Differences in the effect of angiotensin-converting enzyme inhibitors on the rate of endothelial cell apoptosis: in vitro and in vivo studies.

作者信息

Ceconi C, Francolini G, Bastianon D, Gitti G L, Comini L, Ferrari R

机构信息

Department of Cardiology, University of Ferrara, Corso Giovecca 203, 44100, Ferrara, Italy.

出版信息

Cardiovasc Drugs Ther. 2007 Dec;21(6):423-9. doi: 10.1007/s10557-007-6068-5. Epub 2007 Nov 15.

Abstract

AIM

An imbalance between endothelial apoptosis and regeneration is one of the initiating events in atherosclerosis. Angiotensin-converting enzyme (ACE) inhibition corrects the endothelial dysfunction observed in coronary artery disease, and this could be the consequence of a reduction in the rate of endothelial apoptosis.

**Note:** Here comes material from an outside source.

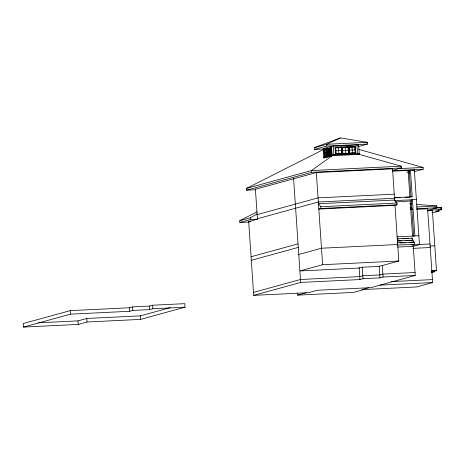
<?xml version="1.0" encoding="UTF-8"?>
<svg xmlns="http://www.w3.org/2000/svg" width="465" height="465" viewBox="0 0 465 465"><rect width="100%" height="100%" fill="white"/><g stroke="black" fill="none" stroke-linecap="round" stroke-linejoin="round"><path stroke-width="0.7" d="M332.417 155.537L311.498 170.545L246.456 188.418L246.578 190.185L255.285 189.761M249.182 222.032L239.841 222.485L239.719 220.718L250.559 217.742L257.093 213.877M323.913 157.949L332.179 155.711L359.271 154.392L358.625 144.97L331.533 146.289L323.274 148.55L323.913 157.949L325.163 157.228M239.719 220.718L257.099 211.802M246.456 188.418L323.239 149.654M358.515 146.522L367.466 144.074L367.344 142.307L340.351 137.925L326.709 144.284L314.317 147.672L314.439 149.439L323.146 149.015M314.317 147.672L340.351 137.925M246.578 190.185L311.62 172.312L401.359 167.946L401.243 166.179L358.608 154.2M255.413 189.29L316.328 172.55L392.524 168.842M392.414 170.405L401.359 167.946M411.019 197.137L409.217 170.638L410.421 170.306L412.228 196.805L394.134 197.683M406.747 172.207L409.52 171.446M412.984 170.492L414.373 170.114L419.447 244.607L413.257 246.311L397.529 247.078M257.139 214.615L318.054 197.875L394.25 194.167M407.968 173.404L409.357 173.021M414.205 171.69L423.208 169.214L423.086 167.447L358.881 149.405M239.841 222.485L250.681 219.503L257.453 219.178L255.39 188.947M257.424 218.736L318.333 201.996L394.529 198.288M257.453 219.178L248.676 221.59L250.838 221.485M320.879 208.494L318.816 209.064L395.012 205.356L397.075 204.786L396.959 203.019L394.651 200.055L318.455 203.763L320.763 206.727L320.879 208.494L397.075 204.786M395.169 201.99L411.56 200.88M251.077 256.773L298.048 243.863M416.762 204.379L436.833 205.989L436.955 207.756L427.922 210.238L441.75 209.564L441.628 207.797L436.6 207.297M440.233 208.181L441.628 207.797L433.334 208.204M251.315 260.307L298.292 247.397M70.227 310.632L23.25 323.541L23.488 327.075L78.236 324.413L87.013 322.001L140.633 319.391L185.029 307.191L184.785 303.657L152.613 305.22L149.521 306.075L132.589 306.894L129.491 307.749L70.227 310.632L70.465 314.166L23.488 327.075M441.75 209.564L435.467 211.29L438.855 211.127L438.774 209.948M438.855 211.127L434.037 212.447L431.863 212.557M298.774 254.465L321.484 248.223L397.68 244.514M38.38 322.803L77.998 320.879L86.775 318.467L140.395 315.857L170.219 307.661M70.465 314.166L129.729 311.283L132.827 310.428L149.759 309.609L152.857 308.754L185.029 307.191M411.38 238.353L412.24 238.115L412.391 240.324M398.807 261.005L322.611 264.713L299.896 270.956L359.16 268.067L362.258 267.218L379.19 266.393L398.807 261.005L395.023 205.507M409.101 242.509L414.263 242.062L414.408 244.27L411.827 244.979L419.447 244.607M253.506 292.404L300.477 279.494L359.741 276.605L362.84 275.757L379.771 274.931L382.869 274.083L415.042 272.513M248.647 221.171L253.704 295.345L300.681 282.435L359.945 279.552L363.043 278.704L379.975 277.878L383.073 277.024L415.239 275.46L413.193 245.415M297.559 293.369L297.676 295.136L306.197 292.793M368.588 287.771L361.88 289.614L416.628 286.952L432.63 282.551L427.573 208.355M364.136 289.503L353.557 292.415L297.676 295.136M415.239 275.46L370.849 287.661L317.229 290.27L308.452 292.683L253.704 295.345M431.52 271.502L434.269 270.746L431.415 270.886M432.369 210.163L436.478 270.525L431.665 271.845L435.048 271.682L431.677 272.606M431.462 272.287L432.839 271.909L431.485 271.973M314.439 149.439L326.825 146.051L367.466 144.074M324.605 149.974L326.325 149.503L326.726 155.391L325.006 155.862M328.389 148.94L326.668 149.41L327.069 155.298L328.79 154.828M330.458 148.376L328.738 148.846L329.139 154.735L330.859 154.264M324.803 152.921L326.529 152.45M326.872 152.351L328.592 151.881M328.935 151.788L330.656 151.317M358.108 145.109L358.625 144.97M332.132 154.7L323.849 156.967L332.19 154.659L359.195 153.345L358.678 153.485M323.867 157.251L332.126 154.996M332.155 154.984L359.218 153.63M367.344 142.307L326.709 144.284L326.825 146.051M323.274 148.55L325.413 148.445M335.852 150.805L341.496 150.532M342.624 150.474L348.268 150.201M349.395 150.149L355.039 149.869M401.243 166.179L311.498 170.545L311.62 172.312M397.348 168.702L423.086 167.447M392.466 170.713L423.208 169.214M392.21 171.19L414.373 170.114M409.217 170.638L410.531 170.574M394.89 197.869L400.609 197.59M404.899 197.381L409.903 197.137L408.154 171.475M394.215 200.636L416.378 199.555M320.763 206.727L396.959 203.019M410.095 207.291L411.542 207.221M416.599 206.972L436.833 205.989M410.217 209.058L412.385 208.954M416.721 208.739L436.955 207.756M410.345 209.634L412.502 209.529M416.814 209.32L427.602 208.791M427.556 210.837L432.398 210.604M396.808 236.848L418.849 235.772M397.197 238.847L412.24 238.115M397.052 239.051L398.482 238.981M402.783 238.772L408.514 238.493M397.488 240.858L413.251 240.091L413.402 242.3M397.343 241.056L401.644 240.847M405.939 240.638L411.67 240.359M397.069 242.899L414.263 242.062M399.79 242.963L405.521 242.684M397.22 245.107L414.408 244.27M418.494 244.538L430.003 243.98M429.956 246.026L434.792 245.787M412.984 248.351L430.241 247.514M431.642 270.758L436.478 270.525M391.443 281.604L432.427 279.61M380.138 285.109L432.63 282.551M409.589 203.81L411.74 203.978M414.896 235.964L412.426 199.752L411.223 200.084L413.693 236.296M410.182 201.258L412.565 236.174M392.501 168.499L394.68 200.456M382.288 265.521L383.073 277.024M379.19 266.375L379.975 277.878M356.975 145.051L357.62 154.473M362.258 267.201L363.043 278.704M352.017 147.062L352.418 152.95M359.108 267.334L359.945 279.552M348.593 146.638L349.07 153.706M345.245 147.393L345.646 153.281M341.816 146.969L342.298 154.037M338.474 147.725L338.875 153.613M333.271 146.202L333.911 155.624M331.533 146.289L332.179 155.711L324.436 157.827L323.797 148.405M331.022 146.429L331.667 155.851M329.598 148.608L329.999 154.496M328.523 148.3L329.005 155.368M327.529 149.172L327.93 155.06M326.459 148.87L326.942 155.932M325.465 149.736L325.866 155.63M316.305 172.207L322.611 264.713M293.589 178.45L300.681 282.435M250.559 217.742L250.681 219.503M152.613 305.22L152.857 308.754M149.521 306.075L149.759 309.609M140.395 315.857L140.633 319.391M132.589 306.894L132.827 310.428M129.491 307.749L129.729 311.283M86.775 318.467L87.013 322.001M77.998 320.879L78.236 324.413M330.586 147.736L324.396 149.434L324.872 156.502L331.068 154.804L330.586 147.736M326.36 149.346L324.553 149.84L324.971 156.019L326.779 155.525L326.36 149.346M328.424 148.777L326.616 149.271L327.04 155.455L328.842 154.961L328.424 148.777M330.487 148.213L328.679 148.707L329.104 154.892L330.911 154.397L330.487 148.213M355.365 146.312L335.044 147.3L335.527 154.368L355.847 153.374L355.365 146.312M341.426 147.434L335.498 147.719L335.922 153.903L341.845 153.613L341.426 147.434M348.198 147.103L342.269 147.388L342.693 153.572L348.616 153.287L348.198 147.103M354.969 146.771L349.046 147.062L349.465 153.247L355.394 152.956L354.969 146.771M341.293 147.585L335.649 147.858L336.05 153.752L341.694 153.473L341.293 147.585M348.064 147.254L342.42 147.533L342.821 153.421L348.465 153.148L348.064 147.254M354.842 146.928L349.198 147.202L349.599 153.09L355.243 152.816L354.842 146.928"/></g></svg>

The aim of this study was to investigate the effect of different ACE inhibitors on endothelial apoptosis.

METHODS

We examined the effect of five ACE inhibitors (enalapril, perindopril, quinapril, ramipril, and trandolapril) on the rate of endothelial apoptosis, either in vitro in human umbilical vein endothelial cells (HUVECs), using a serum deprivation method to induce apoptosis, or in vivo in rats, inducing apoptosis via endotoxic shock with Escherichia coli lipopolysaccharides (LPS).

RESULTS

We were unable to detect any significant effect of ACE inhibition on the rate of in vitro endothelial apoptosis at concentrations ranging from 5 x 10(-8) to 10(-6) M. In contrast, chronic in vivo administration of ACE inhibitors to rats at dosages that had similar hypotensive effects reduced the rate of LPS-induced apoptosis significantly for perindopril (P < 0.001) and nonsignificantly for the other ACE inhibitors. The order of potency of the ACE inhibitors tested was perindopril > ramipril >> quinapril = trandolapril = enalapril, with significant differences between perindopril and quinapril (P < 0.01), trandolapril (P < 0.001), and enalapril (P < 0.001). The difference between perindopril and ramipril did not reach significance.

CONCLUSION

Our experiments suggest differences between ACE inhibitors in terms of inhibition of endothelial apoptosis in vivo.

摘要

目的

内皮细胞凋亡与再生之间的失衡是动脉粥样硬化的起始事件之一。血管紧张素转换酶(ACE)抑制可纠正冠心病中观察到的内皮功能障碍,这可能是内皮细胞凋亡率降低的结果。本研究的目的是探讨不同ACE抑制剂对内皮细胞凋亡的影响。

方法

我们研究了五种ACE抑制剂(依那普利、培哚普利、喹那普利、雷米普利和群多普利)对内皮细胞凋亡率的影响,体外实验使用人脐静脉内皮细胞(HUVECs),采用血清剥夺法诱导凋亡;体内实验使用大鼠,通过大肠杆菌脂多糖(LPS)内毒素休克诱导凋亡。

结果

在5×10⁻⁸至10⁻⁶M的浓度范围内,我们未检测到ACE抑制对体外内皮细胞凋亡率有任何显著影响。相比之下,以具有相似降压效果的剂量对大鼠进行ACE抑制剂的慢性体内给药,培哚普利可显著降低LPS诱导的凋亡率(P < 0.001),其他ACE抑制剂则无显著降低。所测试的ACE抑制剂的效力顺序为培哚普利>雷米普利>>喹那普利 =群多普利 =依那普利,培哚普利与喹那普利(P < 0.01)、群多普利(P < 0.001)和依那普利(P < 0.001)之间存在显著差异。培哚普利与雷米普利之间的差异未达到显著水平。

结论

我们的实验表明,ACE抑制剂在体内抑制内皮细胞凋亡方面存在差异。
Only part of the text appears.